Not only has the government made an ass of the law, but it’s turned the pink-faced country people the law was designed to annoy from the symbols of old-fashioned, bloodthirsty privilege they used to be in grumpy Labour voters’ minds to pitiful victims of oppression. The fashion these days in Islington human-rights circles is no longer to talk of the savagery of people who like to see foxes pulled to pieces by baying hounds. Instead they tut over the way country people’s rights to pursue their traditional minority pursuits have been forfeited by a government with scant respect for real democracy – a mark, if nothing else, of the fading popularity of Tony Blair.
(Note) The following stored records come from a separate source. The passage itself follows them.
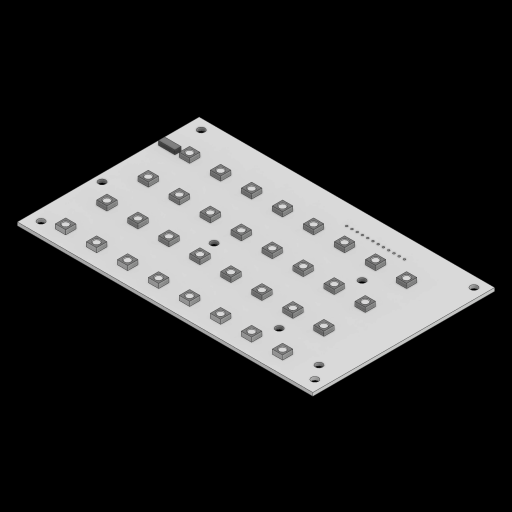
# Autodesk Inventor part: 100_PICO_Mainboard
Saved by Autodesk Inventor 2024 (Build 280153000, 153)
## iProperties
Created: 2023-07-20
Part Number: 100_PICO_Mainboard
Material: Generisch
Document SubType Name: Modeling
Designer: Philipp
Density: 1 g/cm^3
Appearance: Vorgabe
Author: Philipp
Autodesk Inventor part; units mm, degrees
ref_plane "YZ Plane" through (0, 0, 0) normal (1, 0, 0) x (0, 1, 0)
ref_plane "XZ Plane" through (0, 0, 0) normal (0, 1, 0) x (-1, 0, 0)
ref_plane "XY Plane" through (0, 0, 0) normal (0, 0, 1) x (1, 0, 0)
sketch "Skizze1" plane through (0, 0, 0) normal (0, 0, 1) x (1, 0, 0)
  line L0 (0, 0) -> (143, 0)
  line L1 (143, 0) -> (143, 88)
  line L2 (143, 88) -> (0, 88)
  line L3 (0, 88) -> (0, 0)
  dimension "d0" = 143
  dimension "d1" = 88
  constraints: 8 end point, 2 parallel, 1 horizontal, 1 perpendicular
  measures "d0" distance of L2.end L1.end
  measures "d1" distance of L1.end L0.end
extrude "Extrusion1" add sketch "Skizze1" along normal blind 1.6
sketch "Skizze2" plane through (0, 0, 1.6) normal (0, 0, 1) x (1, 0, 0)
  circle A0 centre (6, 83) radius 1.75
  line L0 (0, 0) -> (143, 0) projected
  line L1 (0, 88) -> (0, 0) projected
  circle A1 centre (56.554, 38.657) radius 1.75
  circle A2 centre (3.75, 37.25) radius 1.75
  circle A3 centre (108, 18.725) radius 1.75
  circle A4 centre (138, 6) radius 1.75
  circle A5 centre (133, 13) radius 1.75
  circle A6 centre (108, 58.843) radius 1.75
  circle A7 centre (138, 83) radius 1.75
  circle A8 centre (5.5, 6) radius 1.75
  dimension "d4" = 3.5
  dimension "d5" = 83
  dimension "d6" = 6
  dimension "d7" = 3.5
  dimension "d9" = 3.5
  dimension "d10" = 3.5
  dimension "d11" = 3.5
  dimension "d12" = 3.5
  dimension "d13" = 3.5
  dimension "d14" = 37.25
  dimension "d15" = 38.657
  dimension "d16" = 3.5
  dimension "d17" = 3.75
  dimension "d18" = 3.5
  dimension "d19" = 5.5
  dimension "d20" = 6
  dimension "d21" = 56.554
  dimension "d22" = 58.843
  dimension "d23" = 108
  dimension "d24" = 108
  dimension "d25" = 18.725
  dimension "d26" = 13
  dimension "d27" = 133
  dimension "d28" = 138
  dimension "d29" = 6
  dimension "d30" = 138
  dimension "d31" = 83
  constraints: 9 centre point
  measures "d4" diameter of A0
  measures "d5" distance from line of L0 A0.centre
  measures "d6" distance from line of L1 A0.centre
  measures "d7" diameter of A2
  measures "d9" diameter of A3
  measures "d10" diameter of A4
  measures "d11" diameter of A5
  measures "d12" diameter of A6
  measures "d13" diameter of A7
  measures "d14" distance from line of L0 A2.centre
  measures "d15" distance from line of L0 A1.centre
  measures "d16" diameter of A1
  measures "d17" distance from line of L1 A2.centre
  measures "d18" diameter of A8
  measures "d19" distance from line of L1 A8.centre
  measures "d20" distance from line of L0 A8.centre
  measures "d21" distance from line of L1 A1.centre
  measures "d22" distance from line of L0 A6.centre
  measures "d23" distance from line of L1 A6.centre
  measures "d24" distance from line of L1 A3.centre
  measures "d25" distance from line of L0 A3.centre
  measures "d26" distance from line of L0 A5.centre
  measures "d27" distance from line of L1 A5.centre
  measures "d28" distance from line of L1 A4.centre
  measures "d29" distance from line of L0 A4.centre
  measures "d30" distance from line of L1 A7.centre
  measures "d31" distance from line of L0 A7.centre
extrude "Extrusion2" cut sketch "Skizze2" against normal blind 1.6
sketch "Skizze3" plane through (0, 0, 1.6) normal (0, 0, 1) x (1, 0, 0)
  circle A0 centre (81.4, 78) radius 0.5
  line L0 (0, 0) -> (143, 0) projected
  line L1 (0, 88) -> (0, 0) projected
  dimension "d34" = 1
  dimension "d35" = 78
  dimension "d36" = 81.4
  constraints: 1 centre point
  measures "d34" diameter of A0
  measures "d35" distance from line of L0 A0.centre
  measures "d36" distance from line of A0.centre L1
extrude "Extrusion3" cut sketch "Skizze3" against normal blind 1.6
pattern_linear "Rechteckige Anordnung1" count 12 spacing 2.54 along (1, 0, 0) of "Extrusion3"
sketch "Skizze4" plane through (0, 0, 1.6) normal (0, 0, 1) x (1, 0, 0)
  line L0 (12.125, 11.25) -> (17.125, 11.25)
  line L1 (17.125, 11.25) -> (17.125, 6.25)
  line L2 (17.125, 6.25) -> (12.125, 6.25)
  line L3 (12.125, 6.25) -> (12.125, 11.25)
  line L4 (0, 0) -> (143, 0) projected
  line L5 (0, 88) -> (0, 0) projected
  point P0 (12.125, 8.75)
  point P1 (14.625, 6.25)
  dimension "d42" = 5
  dimension "d43" = 5
  dimension "d44" = 8.75
  dimension "d45" = 14.625
  constraints: 8 end point, 2 midpoint, 2 parallel, 1 horizontal, 1 perpendicular
  measures "d42" distance of L0.start L0.end
  measures "d43" distance of L2.end L0.start
  measures "d44" distance from line of L4 point (12.125, 8.75)
  measures "d45" distance from line of L5 point (14.625, 6.25)
extrude "Extrusion4" add sketch "Skizze4" along normal blind 2.13
sketch "Skizze5" plane through (0, 0, 3.73) normal (0, 0, 1) x (1, 0, 0)
  line L0 (12.125, 6.25) -> (17.125, 6.25) projected
  line L1 (17.125, 6.25) -> (17.125, 11.25) projected
  line L2 (17.125, 11.25) -> (12.125, 11.25) projected
  line L3 (12.125, 11.25) -> (12.125, 6.25) projected
  circle A0 centre (14.625, 8.75) radius 1.8
  point P0 (0, 0)
  dimension "d48" = 3.6
  constraints: 1 centre point
  measures "d48" diameter of A0
extrude "Extrusion5" cut sketch "Skizze5" against normal blind 0.25 contours A0
chamfer "Fasen1" distance 0.25 angle 45 1 edges at (12.825, 8.75, 3.48)
pattern_linear "Rechteckige Anordnung2" count 8 spacing 15 along (1, 0, 0) count 4 spacing 20 along (0, 1, 0) of "Fasen1", "Extrusion5", "Extrusion4"
sketch "Skizze6" plane through (0, 0, 1.6) normal (0, 0, 1) x (1, 0, 0)
  line L0 (2, 69.25) -> (10, 69.25)
  line L1 (10, 69.25) -> (10, 66.25)
  line L2 (10, 66.25) -> (2, 66.25)
  line L3 (2, 66.25) -> (2, 69.25)
  line L4 (12.125, 66.25) -> (17.125, 66.25) projected
  line L5 (12.125, 71.25) -> (12.125, 66.25) projected
  line L6 (0, 88) -> (0, 0) projected
  point P0 (6, 66.25)
  dimension "d60" = 0
  dimension "d61" = 3
  dimension "d62" = 8
  dimension "d64" = 6
  constraints: 8 end point, 2 parallel, 1 horizontal, 1 midpoint, 1 perpendicular
  measures "d60" distance between parallel lines of L4 L2
  measures "d61" distance of L0.end L1.end
  measures "d62" distance of L0.start L0.end
  measures "d64" distance from line of L6 point (6, 66.25)
extrude "Extrusion6" add sketch "Skizze6" along normal blind 2
sketch "Skizze7" plane through (0, 0, 0) normal (0, 0, -1) x (-1, 0, 0)
  line L0 (-135.625, 79.875) -> (-114.625, 79.875)
  line L1 (-114.625, 79.875) -> (-114.625, 28.875)
  line L2 (-114.625, 28.875) -> (-135.625, 28.875)
  line L3 (-135.625, 28.875) -> (-135.625, 79.875)
  line L4 (0, 88) -> (0, 0) projected
  line L5 (0, 0) -> (-143, 0) projected
  point P0 (-125.125, 28.875)
  point P1 (-114.625, 54.375)
  dimension "d67" = 125.125
  dimension "d68" = 54.375
  dimension "d69" = 21
  dimension "d70" = 51
  constraints: 8 end point, 2 midpoint, 2 parallel, 1 horizontal, 1 perpendicular
  measures "d67" distance from line of L4 point (-125.125, 28.875)
  measures "d68" distance from line of L5 point (-114.625, 54.375)
  measures "d69" distance of L0.start L0.end
  measures "d70" distance of L2.end L0.start
extrude "Extrusion7" add sketch "Skizze7" along normal blind 1.6

Now comes the next step in the chattering classes’ change of heart: “The Chase,” a novel published by Headline Review this week, which begins on February 19, 2005, the day that hunting with hounds became illegal. In Wiltshire, a group of people are gathering at Eastleigh, the home of Sir Leo Domeyne and his wife Celia. The family, no longer in its heyday, seems to rise to the occasion.Wayward sisters come back from London; banker brothers put on country clothes: the weekend has every appearance of being a last hurrah in spite of the ban. But author Candida Clark expertly turns this elegantly-told story into an elegy for the hunt, drawing out every nuance of pain and wistfulness in the situation and turning characters whose poshness might easily have been played for laughs back into humans living through real loss.

“Hunting is a bit like literature,” Candida Clark says in the book’s blurb. “It’s a way of enacting a ritual about life and death – the mystery of it all – without which life is so much flatter and blander. It’s also a part of our landscape. To wipe it out is simply to be in denial about that far-off place from where, like it or not, we all come; islanders, living off the land and sea, hunter-gatherers.”

A conviction North Londoner, she nevertheless took up hunting on the day her book begins, February 19 2005, in what she describes as a political protest. It was a phone call from a hunting friend that persuaded her. “You believe in democracy, don’t you?” the voice at the other end said. “If you do, come out with the hunt.”

I’m finding it all strangely convincing, I must say. Loving the book. Enjoying the point-to-point. Already sympathetic to the idea of protesting against the Blair government’s silly law. I decided on the way back into London last weekend that I’d at least buy proper green wellies before trying another point-to-point. But at this rate I wouldn’t be surprised to find myself on horseback in a red coat too by the time the next hunting season begins.